• [WHAT THIS TASK INVOLVES]: Show, from the entries below, every line in which "Valore" appears.

• [SOURCE MATERIAL]:

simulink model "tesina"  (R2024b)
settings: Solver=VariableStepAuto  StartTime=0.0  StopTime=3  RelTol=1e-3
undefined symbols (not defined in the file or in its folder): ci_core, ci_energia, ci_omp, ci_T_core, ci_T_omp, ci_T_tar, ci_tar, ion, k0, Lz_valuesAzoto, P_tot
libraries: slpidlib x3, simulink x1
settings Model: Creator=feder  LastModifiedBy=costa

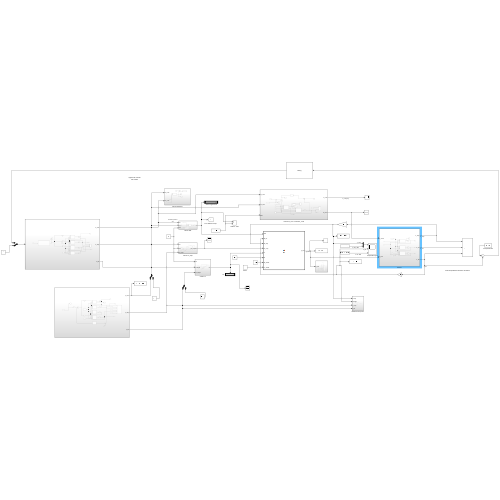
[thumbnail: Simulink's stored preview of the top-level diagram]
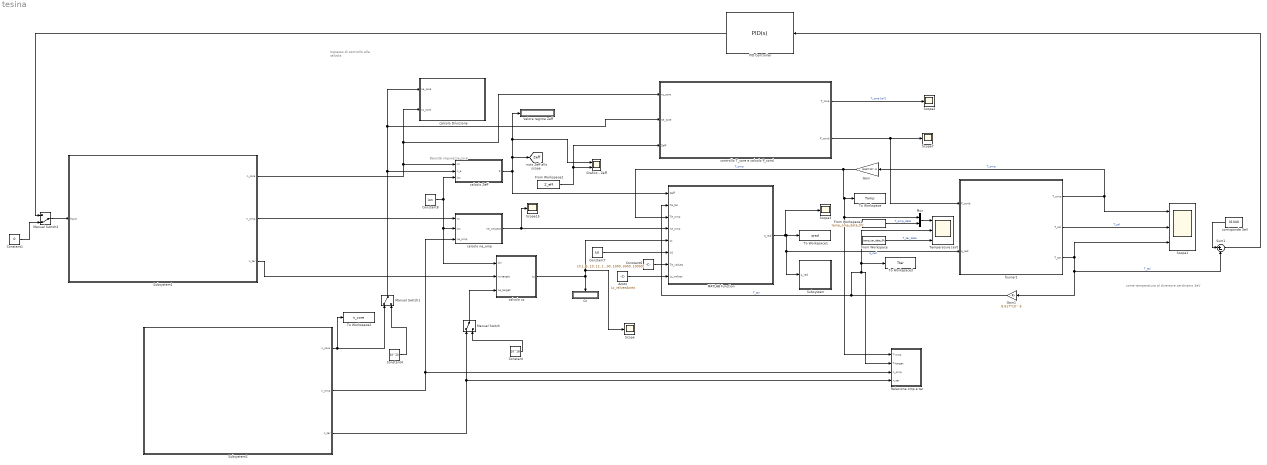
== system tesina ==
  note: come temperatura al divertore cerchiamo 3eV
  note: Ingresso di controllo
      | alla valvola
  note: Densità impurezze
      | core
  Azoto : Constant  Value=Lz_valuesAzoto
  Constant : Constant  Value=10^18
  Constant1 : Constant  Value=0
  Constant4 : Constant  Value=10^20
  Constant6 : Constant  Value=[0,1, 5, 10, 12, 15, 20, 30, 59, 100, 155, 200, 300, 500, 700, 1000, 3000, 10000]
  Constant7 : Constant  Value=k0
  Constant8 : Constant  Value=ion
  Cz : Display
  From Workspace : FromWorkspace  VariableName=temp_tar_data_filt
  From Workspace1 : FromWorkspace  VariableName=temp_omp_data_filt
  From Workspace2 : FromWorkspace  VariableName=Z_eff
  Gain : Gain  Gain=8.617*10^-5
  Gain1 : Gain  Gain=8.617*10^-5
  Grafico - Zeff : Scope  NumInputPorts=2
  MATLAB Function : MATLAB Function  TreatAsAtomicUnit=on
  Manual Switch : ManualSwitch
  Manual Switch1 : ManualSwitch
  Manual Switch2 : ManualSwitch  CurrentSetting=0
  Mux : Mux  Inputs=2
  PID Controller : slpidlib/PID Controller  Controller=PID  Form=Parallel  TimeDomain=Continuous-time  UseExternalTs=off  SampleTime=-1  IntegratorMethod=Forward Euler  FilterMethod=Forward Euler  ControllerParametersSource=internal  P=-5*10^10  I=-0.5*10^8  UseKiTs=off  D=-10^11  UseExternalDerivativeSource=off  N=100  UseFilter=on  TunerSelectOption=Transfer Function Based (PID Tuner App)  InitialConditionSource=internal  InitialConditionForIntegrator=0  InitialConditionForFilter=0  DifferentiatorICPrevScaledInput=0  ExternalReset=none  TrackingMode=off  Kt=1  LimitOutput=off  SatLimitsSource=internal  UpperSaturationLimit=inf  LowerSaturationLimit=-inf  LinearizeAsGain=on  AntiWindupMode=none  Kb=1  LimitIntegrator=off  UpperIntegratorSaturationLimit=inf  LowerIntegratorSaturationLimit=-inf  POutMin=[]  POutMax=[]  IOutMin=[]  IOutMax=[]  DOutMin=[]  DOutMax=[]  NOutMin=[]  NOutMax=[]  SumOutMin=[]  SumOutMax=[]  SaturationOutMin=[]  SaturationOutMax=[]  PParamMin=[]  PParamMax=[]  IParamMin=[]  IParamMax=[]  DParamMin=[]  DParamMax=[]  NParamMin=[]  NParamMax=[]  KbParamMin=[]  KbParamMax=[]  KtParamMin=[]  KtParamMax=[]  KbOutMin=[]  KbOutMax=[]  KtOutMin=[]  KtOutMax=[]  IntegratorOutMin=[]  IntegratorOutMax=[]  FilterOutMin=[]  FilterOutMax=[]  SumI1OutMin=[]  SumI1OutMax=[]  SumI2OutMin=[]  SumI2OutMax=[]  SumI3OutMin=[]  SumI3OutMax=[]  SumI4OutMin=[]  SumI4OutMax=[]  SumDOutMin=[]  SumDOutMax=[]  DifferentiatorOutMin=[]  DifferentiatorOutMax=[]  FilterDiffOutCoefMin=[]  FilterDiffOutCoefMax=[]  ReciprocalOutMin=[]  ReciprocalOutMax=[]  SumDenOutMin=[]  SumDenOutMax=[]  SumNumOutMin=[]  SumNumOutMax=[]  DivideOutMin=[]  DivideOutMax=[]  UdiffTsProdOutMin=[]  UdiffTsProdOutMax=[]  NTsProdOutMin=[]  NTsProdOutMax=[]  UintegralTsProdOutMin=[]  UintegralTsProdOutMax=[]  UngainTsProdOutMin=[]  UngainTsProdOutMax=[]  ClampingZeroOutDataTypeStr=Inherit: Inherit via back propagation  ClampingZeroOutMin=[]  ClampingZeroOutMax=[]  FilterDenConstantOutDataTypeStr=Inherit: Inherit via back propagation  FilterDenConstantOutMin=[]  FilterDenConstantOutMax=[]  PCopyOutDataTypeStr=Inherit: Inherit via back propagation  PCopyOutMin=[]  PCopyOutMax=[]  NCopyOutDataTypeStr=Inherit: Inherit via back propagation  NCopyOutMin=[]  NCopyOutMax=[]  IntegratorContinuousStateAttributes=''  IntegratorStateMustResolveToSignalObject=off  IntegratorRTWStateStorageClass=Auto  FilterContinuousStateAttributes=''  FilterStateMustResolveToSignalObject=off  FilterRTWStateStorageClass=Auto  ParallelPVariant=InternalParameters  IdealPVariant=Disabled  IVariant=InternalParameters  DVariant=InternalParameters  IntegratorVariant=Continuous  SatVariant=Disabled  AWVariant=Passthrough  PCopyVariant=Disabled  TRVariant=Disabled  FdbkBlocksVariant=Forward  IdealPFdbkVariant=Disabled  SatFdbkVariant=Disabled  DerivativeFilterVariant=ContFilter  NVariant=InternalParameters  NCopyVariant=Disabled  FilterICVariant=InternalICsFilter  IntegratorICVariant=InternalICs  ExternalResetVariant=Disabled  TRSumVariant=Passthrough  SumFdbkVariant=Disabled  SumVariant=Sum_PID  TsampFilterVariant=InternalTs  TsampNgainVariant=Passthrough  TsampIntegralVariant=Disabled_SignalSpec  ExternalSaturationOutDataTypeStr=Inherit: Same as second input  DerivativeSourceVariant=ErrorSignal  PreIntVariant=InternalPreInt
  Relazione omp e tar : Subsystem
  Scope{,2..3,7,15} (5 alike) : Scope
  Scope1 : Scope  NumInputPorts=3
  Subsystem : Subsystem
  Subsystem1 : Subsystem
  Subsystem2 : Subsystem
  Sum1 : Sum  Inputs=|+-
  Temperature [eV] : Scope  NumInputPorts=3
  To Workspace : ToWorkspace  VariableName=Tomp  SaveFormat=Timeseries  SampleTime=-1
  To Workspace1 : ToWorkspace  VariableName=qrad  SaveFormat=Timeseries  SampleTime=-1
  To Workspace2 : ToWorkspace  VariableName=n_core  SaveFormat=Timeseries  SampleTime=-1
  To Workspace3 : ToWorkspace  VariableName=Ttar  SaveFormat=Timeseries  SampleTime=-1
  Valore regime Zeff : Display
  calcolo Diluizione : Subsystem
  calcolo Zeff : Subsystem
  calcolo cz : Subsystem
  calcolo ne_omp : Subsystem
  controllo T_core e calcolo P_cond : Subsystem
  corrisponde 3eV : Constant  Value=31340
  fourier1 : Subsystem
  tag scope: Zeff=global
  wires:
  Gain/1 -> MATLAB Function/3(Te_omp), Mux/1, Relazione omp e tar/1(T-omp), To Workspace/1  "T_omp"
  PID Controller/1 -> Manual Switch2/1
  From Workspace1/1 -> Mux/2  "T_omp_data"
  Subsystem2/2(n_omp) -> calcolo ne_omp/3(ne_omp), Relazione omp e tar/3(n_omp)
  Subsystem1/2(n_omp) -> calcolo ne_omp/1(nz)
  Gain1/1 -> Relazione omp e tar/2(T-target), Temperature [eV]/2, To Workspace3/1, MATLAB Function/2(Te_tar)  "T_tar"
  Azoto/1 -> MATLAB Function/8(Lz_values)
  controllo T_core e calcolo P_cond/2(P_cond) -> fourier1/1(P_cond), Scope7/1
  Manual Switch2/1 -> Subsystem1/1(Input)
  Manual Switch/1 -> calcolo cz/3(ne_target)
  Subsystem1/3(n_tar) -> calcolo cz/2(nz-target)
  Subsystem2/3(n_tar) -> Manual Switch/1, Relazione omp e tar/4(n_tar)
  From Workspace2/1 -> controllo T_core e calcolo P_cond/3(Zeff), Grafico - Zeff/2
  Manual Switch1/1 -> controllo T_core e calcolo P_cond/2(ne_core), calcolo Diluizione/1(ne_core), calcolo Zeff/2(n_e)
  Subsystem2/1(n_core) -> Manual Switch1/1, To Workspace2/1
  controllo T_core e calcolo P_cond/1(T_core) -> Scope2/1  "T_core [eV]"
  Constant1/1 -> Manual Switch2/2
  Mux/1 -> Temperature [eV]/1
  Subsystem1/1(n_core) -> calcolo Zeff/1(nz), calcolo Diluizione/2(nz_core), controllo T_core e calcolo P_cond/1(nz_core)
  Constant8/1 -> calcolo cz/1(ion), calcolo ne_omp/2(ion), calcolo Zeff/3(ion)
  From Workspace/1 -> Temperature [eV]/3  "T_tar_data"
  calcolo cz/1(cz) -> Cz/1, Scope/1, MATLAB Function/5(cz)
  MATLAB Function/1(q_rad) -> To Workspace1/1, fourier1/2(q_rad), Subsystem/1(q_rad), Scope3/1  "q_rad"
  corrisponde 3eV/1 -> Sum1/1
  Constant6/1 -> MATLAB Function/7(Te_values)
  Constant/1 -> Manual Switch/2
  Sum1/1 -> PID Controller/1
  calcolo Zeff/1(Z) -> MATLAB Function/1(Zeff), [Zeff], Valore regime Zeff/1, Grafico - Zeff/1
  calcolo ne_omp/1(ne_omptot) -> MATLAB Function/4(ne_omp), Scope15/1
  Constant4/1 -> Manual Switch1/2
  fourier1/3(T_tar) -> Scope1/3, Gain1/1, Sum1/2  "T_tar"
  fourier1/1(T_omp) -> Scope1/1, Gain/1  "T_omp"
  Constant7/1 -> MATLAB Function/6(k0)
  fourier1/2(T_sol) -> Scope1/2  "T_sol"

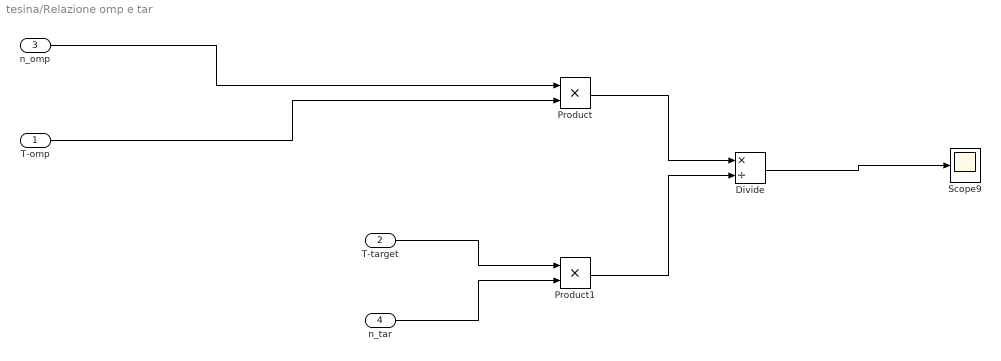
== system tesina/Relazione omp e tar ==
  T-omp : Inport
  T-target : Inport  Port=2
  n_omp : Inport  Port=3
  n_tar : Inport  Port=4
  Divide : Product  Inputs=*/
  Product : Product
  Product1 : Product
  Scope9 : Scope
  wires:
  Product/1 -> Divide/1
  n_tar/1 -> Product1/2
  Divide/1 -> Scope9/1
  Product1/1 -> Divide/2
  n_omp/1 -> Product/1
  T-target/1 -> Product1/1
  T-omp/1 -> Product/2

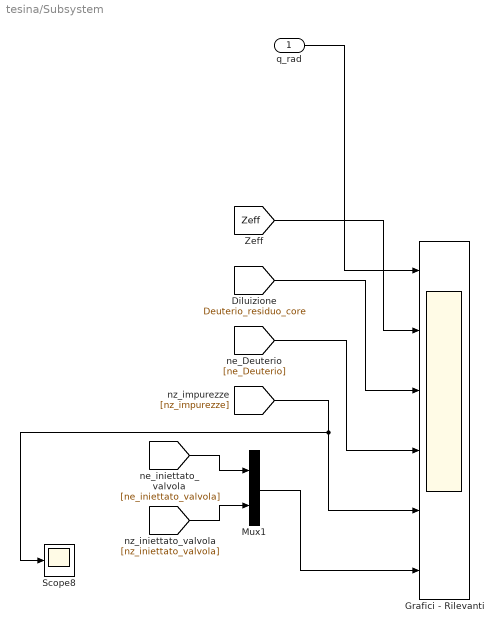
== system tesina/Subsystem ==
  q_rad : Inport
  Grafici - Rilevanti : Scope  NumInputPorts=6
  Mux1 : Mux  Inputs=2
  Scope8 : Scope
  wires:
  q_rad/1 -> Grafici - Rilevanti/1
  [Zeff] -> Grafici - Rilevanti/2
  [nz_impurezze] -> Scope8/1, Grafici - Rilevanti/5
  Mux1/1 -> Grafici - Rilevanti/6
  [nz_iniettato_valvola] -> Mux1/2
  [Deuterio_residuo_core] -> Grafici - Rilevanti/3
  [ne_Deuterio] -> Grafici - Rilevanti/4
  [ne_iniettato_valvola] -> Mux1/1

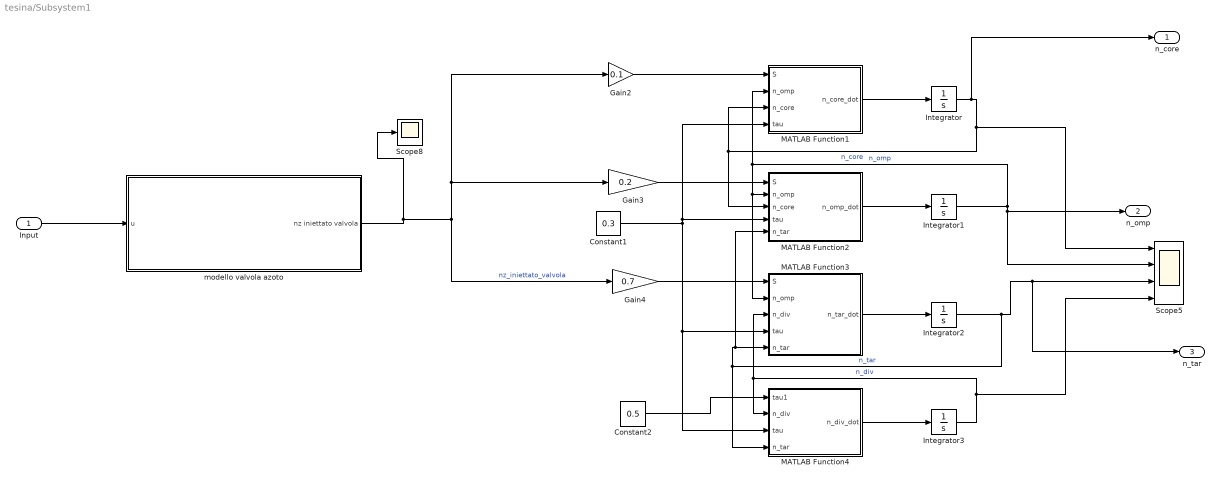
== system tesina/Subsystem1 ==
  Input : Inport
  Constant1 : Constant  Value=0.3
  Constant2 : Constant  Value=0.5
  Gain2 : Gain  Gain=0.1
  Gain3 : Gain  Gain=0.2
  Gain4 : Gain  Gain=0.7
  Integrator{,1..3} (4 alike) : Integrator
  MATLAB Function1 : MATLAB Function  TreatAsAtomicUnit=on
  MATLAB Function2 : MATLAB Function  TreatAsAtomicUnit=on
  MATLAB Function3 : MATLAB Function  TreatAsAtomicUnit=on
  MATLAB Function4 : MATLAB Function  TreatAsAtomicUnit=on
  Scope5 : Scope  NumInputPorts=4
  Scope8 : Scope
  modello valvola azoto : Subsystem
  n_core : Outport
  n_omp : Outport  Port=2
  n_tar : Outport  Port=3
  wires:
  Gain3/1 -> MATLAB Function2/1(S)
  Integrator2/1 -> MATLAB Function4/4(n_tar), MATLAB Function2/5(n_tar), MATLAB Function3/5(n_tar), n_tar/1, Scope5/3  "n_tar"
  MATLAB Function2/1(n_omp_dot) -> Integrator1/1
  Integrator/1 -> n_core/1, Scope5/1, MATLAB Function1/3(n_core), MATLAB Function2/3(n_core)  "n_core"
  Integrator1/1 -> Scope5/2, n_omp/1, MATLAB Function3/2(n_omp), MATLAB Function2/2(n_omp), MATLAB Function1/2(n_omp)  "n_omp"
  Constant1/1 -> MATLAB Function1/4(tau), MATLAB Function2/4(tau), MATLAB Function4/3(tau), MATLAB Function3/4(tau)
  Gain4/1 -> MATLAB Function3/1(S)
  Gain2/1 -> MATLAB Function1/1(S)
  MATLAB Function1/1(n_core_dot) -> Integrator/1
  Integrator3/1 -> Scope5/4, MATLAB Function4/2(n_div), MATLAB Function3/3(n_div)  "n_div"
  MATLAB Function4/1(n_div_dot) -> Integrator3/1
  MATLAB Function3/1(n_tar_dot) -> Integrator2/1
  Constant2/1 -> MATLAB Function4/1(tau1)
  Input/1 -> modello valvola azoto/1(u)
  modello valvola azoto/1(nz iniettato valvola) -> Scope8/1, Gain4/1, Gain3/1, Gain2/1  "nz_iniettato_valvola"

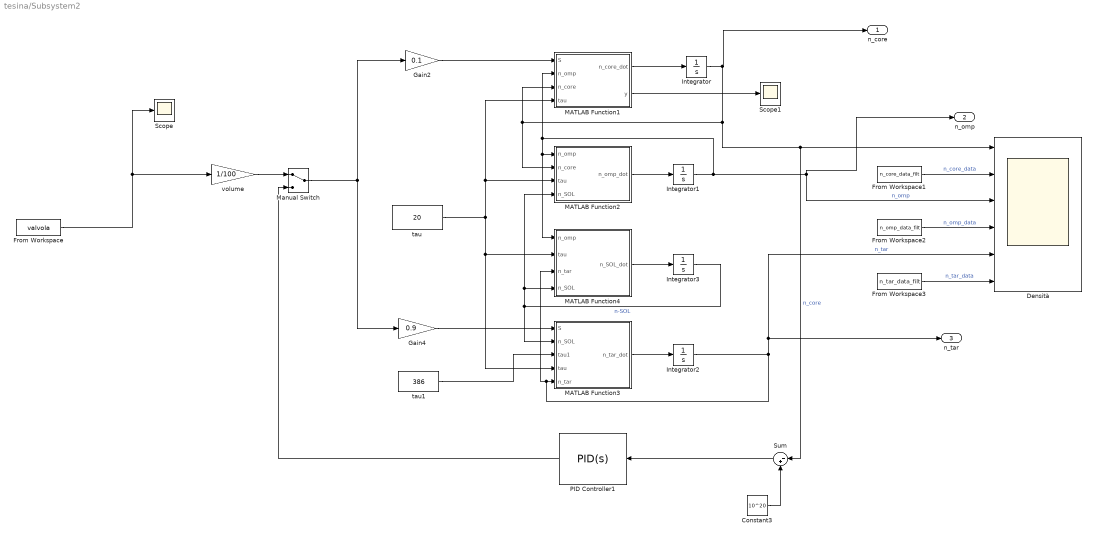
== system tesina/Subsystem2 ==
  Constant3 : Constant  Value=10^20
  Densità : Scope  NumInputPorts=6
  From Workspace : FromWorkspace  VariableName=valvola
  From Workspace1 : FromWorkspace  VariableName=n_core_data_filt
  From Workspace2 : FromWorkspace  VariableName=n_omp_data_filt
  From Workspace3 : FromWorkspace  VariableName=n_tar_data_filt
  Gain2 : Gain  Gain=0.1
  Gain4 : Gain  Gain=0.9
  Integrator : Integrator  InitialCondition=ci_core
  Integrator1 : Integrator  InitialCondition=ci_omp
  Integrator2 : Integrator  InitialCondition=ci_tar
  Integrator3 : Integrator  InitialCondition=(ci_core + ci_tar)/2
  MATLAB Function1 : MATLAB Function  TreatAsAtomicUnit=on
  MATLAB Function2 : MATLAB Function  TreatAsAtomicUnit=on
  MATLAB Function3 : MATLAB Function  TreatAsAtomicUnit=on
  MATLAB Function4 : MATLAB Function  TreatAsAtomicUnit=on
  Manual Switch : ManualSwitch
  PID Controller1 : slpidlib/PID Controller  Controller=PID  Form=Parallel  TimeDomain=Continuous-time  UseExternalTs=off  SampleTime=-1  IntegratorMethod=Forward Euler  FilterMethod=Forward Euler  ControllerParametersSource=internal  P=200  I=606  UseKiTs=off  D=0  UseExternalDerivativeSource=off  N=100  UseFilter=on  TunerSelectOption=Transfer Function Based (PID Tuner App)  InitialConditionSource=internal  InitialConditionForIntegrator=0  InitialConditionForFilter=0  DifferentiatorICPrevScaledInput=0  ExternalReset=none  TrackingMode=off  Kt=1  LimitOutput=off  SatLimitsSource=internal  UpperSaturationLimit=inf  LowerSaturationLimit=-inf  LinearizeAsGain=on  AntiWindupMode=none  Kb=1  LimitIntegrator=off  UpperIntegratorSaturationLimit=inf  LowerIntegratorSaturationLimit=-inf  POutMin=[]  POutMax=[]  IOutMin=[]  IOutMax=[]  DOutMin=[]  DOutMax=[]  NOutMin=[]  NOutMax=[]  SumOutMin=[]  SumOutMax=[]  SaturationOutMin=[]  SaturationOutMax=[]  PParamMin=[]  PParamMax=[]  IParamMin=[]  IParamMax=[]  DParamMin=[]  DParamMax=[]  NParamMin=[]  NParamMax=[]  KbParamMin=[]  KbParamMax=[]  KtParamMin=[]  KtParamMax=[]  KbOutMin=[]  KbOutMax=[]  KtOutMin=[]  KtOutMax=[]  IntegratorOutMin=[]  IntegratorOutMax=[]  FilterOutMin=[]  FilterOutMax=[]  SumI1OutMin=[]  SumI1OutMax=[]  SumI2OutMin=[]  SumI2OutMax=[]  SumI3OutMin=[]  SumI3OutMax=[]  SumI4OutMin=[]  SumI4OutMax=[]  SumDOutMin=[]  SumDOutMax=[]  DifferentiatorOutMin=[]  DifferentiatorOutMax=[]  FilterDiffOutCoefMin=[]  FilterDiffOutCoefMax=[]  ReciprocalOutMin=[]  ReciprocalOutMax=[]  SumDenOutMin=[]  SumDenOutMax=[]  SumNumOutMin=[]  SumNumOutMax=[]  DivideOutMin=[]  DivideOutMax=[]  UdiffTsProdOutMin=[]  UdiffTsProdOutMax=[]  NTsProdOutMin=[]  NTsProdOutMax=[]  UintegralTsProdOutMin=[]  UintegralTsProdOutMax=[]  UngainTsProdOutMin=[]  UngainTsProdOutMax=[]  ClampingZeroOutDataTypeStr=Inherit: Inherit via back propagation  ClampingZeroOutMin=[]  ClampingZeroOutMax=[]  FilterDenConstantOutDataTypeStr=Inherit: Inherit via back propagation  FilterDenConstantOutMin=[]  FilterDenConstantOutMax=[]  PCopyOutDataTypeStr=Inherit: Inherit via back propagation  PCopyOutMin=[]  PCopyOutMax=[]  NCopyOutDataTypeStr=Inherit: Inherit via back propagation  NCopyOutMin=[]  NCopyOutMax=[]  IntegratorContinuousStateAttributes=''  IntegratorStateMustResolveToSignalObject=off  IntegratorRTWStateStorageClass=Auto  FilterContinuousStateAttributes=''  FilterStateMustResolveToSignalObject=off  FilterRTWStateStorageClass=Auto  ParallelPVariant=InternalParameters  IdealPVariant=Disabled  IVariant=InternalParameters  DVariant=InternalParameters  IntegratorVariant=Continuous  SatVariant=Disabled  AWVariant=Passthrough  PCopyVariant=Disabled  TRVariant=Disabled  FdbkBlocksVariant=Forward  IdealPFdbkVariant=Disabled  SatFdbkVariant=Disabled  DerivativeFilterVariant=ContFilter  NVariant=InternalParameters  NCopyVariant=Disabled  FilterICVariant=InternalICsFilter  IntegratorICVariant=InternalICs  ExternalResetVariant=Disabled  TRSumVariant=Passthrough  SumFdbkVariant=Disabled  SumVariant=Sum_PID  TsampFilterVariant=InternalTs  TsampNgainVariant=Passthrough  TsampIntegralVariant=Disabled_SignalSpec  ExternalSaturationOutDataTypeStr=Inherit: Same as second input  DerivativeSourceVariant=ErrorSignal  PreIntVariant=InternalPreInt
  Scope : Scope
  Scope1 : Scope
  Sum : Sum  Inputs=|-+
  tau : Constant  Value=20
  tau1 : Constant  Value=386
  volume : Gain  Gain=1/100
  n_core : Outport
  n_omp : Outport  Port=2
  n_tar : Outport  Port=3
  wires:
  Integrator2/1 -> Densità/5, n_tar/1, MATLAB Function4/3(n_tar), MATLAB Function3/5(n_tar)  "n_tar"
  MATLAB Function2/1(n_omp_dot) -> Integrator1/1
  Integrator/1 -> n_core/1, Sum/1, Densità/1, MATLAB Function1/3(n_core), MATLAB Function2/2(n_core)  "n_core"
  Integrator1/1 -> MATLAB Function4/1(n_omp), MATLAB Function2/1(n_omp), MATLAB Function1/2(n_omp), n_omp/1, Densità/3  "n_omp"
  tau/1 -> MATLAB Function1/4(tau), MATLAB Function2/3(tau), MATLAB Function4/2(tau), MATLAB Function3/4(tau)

• [RESPONSE TO THE EXERCISE]:
  Valore regime Zeff : Display
  calcolo Zeff/1(Z) -> MATLAB Function/1(Zeff), [Zeff], Valore regime Zeff/1, Grafico - Zeff/1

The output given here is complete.